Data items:
────────────────
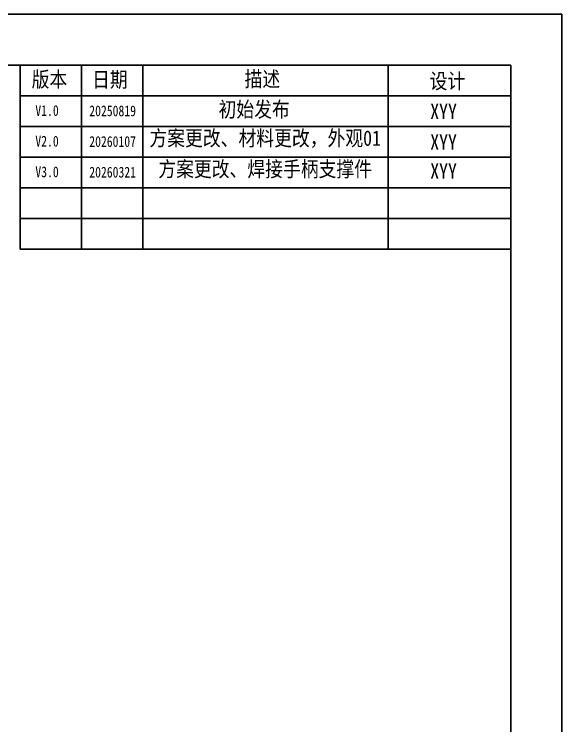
# Model space of a CAD drawing. Header units: millimetres. Extents: x -177 to 18421, y -5017 to 3255.
# Drawn here: x 13297 to 13564.9, y 1911.2 to 2259.5 of the extents above; entities that cross this region are included whole.
import ezdxf

# ---------------------------------------------------------------- set-up
doc = ezdxf.new("R2010")
doc.units = ezdxf.units.MM
doc.header["$LTSCALE"] = 46.255
doc.layers.get('0').update_dxf_attribs({"linetype": 'CONTINUOUS'})
doc.styles.get("Standard").update_dxf_attribs({"font": 'txt', "width": 0.85})
doc.styles.add('TEXTSTYLE_1', font='gdt', dxfattribs={"width": 0.8})

msp = doc.modelspace()

# ---------------------------------------------------------------- linework, layer by layer
at = {"color": 7, "linetype": 'Continuous'}
for p in [(12014.88, 2259.458), (13564.88, 1159.458)]:
    msp.add_line(p, (13564.88, 2259.458), dxfattribs=at)
for p, q in [((13329.88, 2234.458), (13329.88, 2189.458)), ((13359.88, 2234.458), (13359.88, 2189.458)), ((13479.88, 2234.458), (13479.88, 2189.458)), ((13299.88, 2189.458), (13299.88, 2174.458)), ((13329.88, 2189.458), (13329.88, 2144.458)), ((13359.88, 2189.458), (13359.88, 2144.458)), ((13479.88, 2189.458), (13479.88, 2144.458)), ((13539.88, 2144.458), (13539.88, 2189.458)), ((13299.88, 2159.458), (13299.88, 2174.458)), ((13299.88, 2174.458), (13539.88, 2174.458)), ((13539.88, 2159.458), (13299.88, 2159.458)), ((13299.88, 2159.458), (13299.88, 2144.458)), ((13299.88, 2144.458), (13539.88, 2144.458))]:
    msp.add_line(p, q)
msp.add_lwpolyline([(12039.88, 1184.458), (13539.88, 1184.458), (13539.88, 2234.458), (12039.88, 2234.458)], close=True, dxfattribs=at)
for points in [[(13539.88, 2204.458), (13299.88, 2204.458), (13299.88, 2189.458), (13539.88, 2189.458), (13539.88, 2234.458), (13299.88, 2234.458), (13299.88, 2219.458)], [(13299.88, 2204.458), (13299.88, 2219.458), (13539.88, 2219.458)]]:
    msp.add_lwpolyline(points)

# ---------------------------------------------------------------- texts
at = {"lineweight": -3, "char_height": 7.5163, "attachment_point": 5}
for s, insert, width in [('{\\fSimSun|b0|i0|c134|p54;版本}', (13314.22, 2227.146), 32.26492), ('{\\fSimSun|b0|i0|c134|p54;日期}', (13343.772, 2227.042), 32.26492), ('{\\fSimSun|b0|i0|c134|p54;描述}', (13418.38, 2227.35), 32.26492), ('{\\fSimSun|b0|i0|c134|p54;设计}', (13508.962, 2226.335), 32.26492), ('{\\fSimSun|b0|i0|c134|p54;初始发布}', (13414.389, 2212.455), 49.01933), ('{\\fSimSun|b0|i0|c134|p54;XYY}', (13507.045, 2211.903), 32.26492), ('{\\fSimSun|b0|i0|c134|p54;XYY}', (13507.045, 2196.903), 32.26492), ('{\\fSimSun|b0|i0|c134|p54;XYY}', (13507.047, 2182.709), 32.26492)]:
    msp.add_mtext(s, dxfattribs=dict(at, insert=insert, width=width))
at = {"insert": (13307.314, 2214.94), "char_height": 5.25, "width": 18.95171, "attachment_point": 1, "style": 'TEXTSTYLE_1'}
msp.add_mtext('{\\fSimSun|b0|i0|c0|p2;V1.0}', dxfattribs=at)
at = {"color": 0, "insert": (13333.704, 2214.781), "char_height": 5.25, "width": 28.21107, "attachment_point": 1, "style": 'TEXTSTYLE_1'}
msp.add_mtext('{\\fSimSun|b0|i0|c134|p54;20250819}', dxfattribs=at)
at = {"color": 7, "lineweight": -3, "insert": (13419.758, 2198.26), "char_height": 7.5163, "width": 136.51073, "attachment_point": 5}
msp.add_mtext('{\\fSimSun|b0|i0|c134|p54;方案更改、材料更改，外观01}', dxfattribs=at)
at = {"color": 7, "char_height": 5.25, "attachment_point": 1, "style": 'TEXTSTYLE_1'}
for s, insert, width in [('{\\fSimSun|b0|i0|c0|p2;V\\fSimSun|b0|i0|c134|p2;2.0}', (13307.314, 2199.94), 18.95171), ('{\\fSimSun|b0|i0|c134|p54;20260107}', (13333.704, 2199.781), 28.21107)]:
    msp.add_mtext(s, dxfattribs=dict(at, insert=insert, width=width))
at = {"color": 1, "lineweight": -3, "insert": (13419.758, 2183.26), "char_height": 7.5163, "width": 136.51073, "attachment_point": 5}
msp.add_mtext('{\\fSimSun|b0|i0|c134|p54;方案更改、焊接手柄支撑件}', dxfattribs=at)
at = {"color": 1, "char_height": 5.25, "attachment_point": 1, "style": 'TEXTSTYLE_1'}
for s, insert, width in [('{\\fSimSun|b0|i0|c0|p54;V\\fSimSun|b0|i0|c134|p54;3.0}', (13307.314, 2184.94), 18.95171), ('{\\fSimSun|b0|i0|c134|p54;20260321}', (13333.704, 2184.781), 28.21107)]:
    msp.add_mtext(s, dxfattribs=dict(at, insert=insert, width=width))

doc.saveas('drawing.dxf')
────────────────
**Required work**
Render the data above verbatim and without pictures.

**Result**
# Model space of a CAD drawing. Header units: millimetres. Extents: x -177 to 18421, y -5017 to 3255.
# Drawn here: x 13297 to 13564.9, y 1911.2 to 2259.5 of the extents above; entities that cross this region are included whole.
import ezdxf

# ---------------------------------------------------------------- set-up
doc = ezdxf.new("R2010")
doc.units = ezdxf.units.MM
doc.header["$LTSCALE"] = 46.255
doc.layers.get('0').update_dxf_attribs({"linetype": 'CONTINUOUS'})
doc.styles.get("Standard").update_dxf_attribs({"font": 'txt', "width": 0.85})
doc.styles.add('TEXTSTYLE_1', font='gdt', dxfattribs={"width": 0.8})

msp = doc.modelspace()

# ---------------------------------------------------------------- linework, layer by layer
at = {"color": 7, "linetype": 'Continuous'}
for p in [(12014.88, 2259.458), (13564.88, 1159.458)]:
    msp.add_line(p, (13564.88, 2259.458), dxfattribs=at)
for p, q in [((13329.88, 2234.458), (13329.88, 2189.458)), ((13359.88, 2234.458), (13359.88, 2189.458)), ((13479.88, 2234.458), (13479.88, 2189.458)), ((13299.88, 2189.458), (13299.88, 2174.458)), ((13329.88, 2189.458), (13329.88, 2144.458)), ((13359.88, 2189.458), (13359.88, 2144.458)), ((13479.88, 2189.458), (13479.88, 2144.458)), ((13539.88, 2144.458), (13539.88, 2189.458)), ((13299.88, 2159.458), (13299.88, 2174.458)), ((13299.88, 2174.458), (13539.88, 2174.458)), ((13539.88, 2159.458), (13299.88, 2159.458)), ((13299.88, 2159.458), (13299.88, 2144.458)), ((13299.88, 2144.458), (13539.88, 2144.458))]:
    msp.add_line(p, q)
msp.add_lwpolyline([(12039.88, 1184.458), (13539.88, 1184.458), (13539.88, 2234.458), (12039.88, 2234.458)], close=True, dxfattribs=at)
for points in [[(13539.88, 2204.458), (13299.88, 2204.458), (13299.88, 2189.458), (13539.88, 2189.458), (13539.88, 2234.458), (13299.88, 2234.458), (13299.88, 2219.458)], [(13299.88, 2204.458), (13299.88, 2219.458), (13539.88, 2219.458)]]:
    msp.add_lwpolyline(points)

# ---------------------------------------------------------------- texts
at = {"lineweight": -3, "char_height": 7.5163, "attachment_point": 5}
for s, insert, width in [('{\\fSimSun|b0|i0|c134|p54;版本}', (13314.22, 2227.146), 32.26492), ('{\\fSimSun|b0|i0|c134|p54;日期}', (13343.772, 2227.042), 32.26492), ('{\\fSimSun|b0|i0|c134|p54;描述}', (13418.38, 2227.35), 32.26492), ('{\\fSimSun|b0|i0|c134|p54;设计}', (13508.962, 2226.335), 32.26492), ('{\\fSimSun|b0|i0|c134|p54;初始发布}', (13414.389, 2212.455), 49.01933), ('{\\fSimSun|b0|i0|c134|p54;XYY}', (13507.045, 2211.903), 32.26492), ('{\\fSimSun|b0|i0|c134|p54;XYY}', (13507.045, 2196.903), 32.26492), ('{\\fSimSun|b0|i0|c134|p54;XYY}', (13507.047, 2182.709), 32.26492)]:
    msp.add_mtext(s, dxfattribs=dict(at, insert=insert, width=width))
at = {"insert": (13307.314, 2214.94), "char_height": 5.25, "width": 18.95171, "attachment_point": 1, "style": 'TEXTSTYLE_1'}
msp.add_mtext('{\\fSimSun|b0|i0|c0|p2;V1.0}', dxfattribs=at)
at = {"color": 0, "insert": (13333.704, 2214.781), "char_height": 5.25, "width": 28.21107, "attachment_point": 1, "style": 'TEXTSTYLE_1'}
msp.add_mtext('{\\fSimSun|b0|i0|c134|p54;20250819}', dxfattribs=at)
at = {"color": 7, "lineweight": -3, "insert": (13419.758, 2198.26), "char_height": 7.5163, "width": 136.51073, "attachment_point": 5}
msp.add_mtext('{\\fSimSun|b0|i0|c134|p54;方案更改、材料更改，外观01}', dxfattribs=at)
at = {"color": 7, "char_height": 5.25, "attachment_point": 1, "style": 'TEXTSTYLE_1'}
for s, insert, width in [('{\\fSimSun|b0|i0|c0|p2;V\\fSimSun|b0|i0|c134|p2;2.0}', (13307.314, 2199.94), 18.95171), ('{\\fSimSun|b0|i0|c134|p54;20260107}', (13333.704, 2199.781), 28.21107)]:
    msp.add_mtext(s, dxfattribs=dict(at, insert=insert, width=width))
at = {"color": 1, "lineweight": -3, "insert": (13419.758, 2183.26), "char_height": 7.5163, "width": 136.51073, "attachment_point": 5}
msp.add_mtext('{\\fSimSun|b0|i0|c134|p54;方案更改、焊接手柄支撑件}', dxfattribs=at)
at = {"color": 1, "char_height": 5.25, "attachment_point": 1, "style": 'TEXTSTYLE_1'}
for s, insert, width in [('{\\fSimSun|b0|i0|c0|p54;V\\fSimSun|b0|i0|c134|p54;3.0}', (13307.314, 2184.94), 18.95171), ('{\\fSimSun|b0|i0|c134|p54;20260321}', (13333.704, 2184.781), 28.21107)]:
    msp.add_mtext(s, dxfattribs=dict(at, insert=insert, width=width))

doc.saveas('drawing.dxf')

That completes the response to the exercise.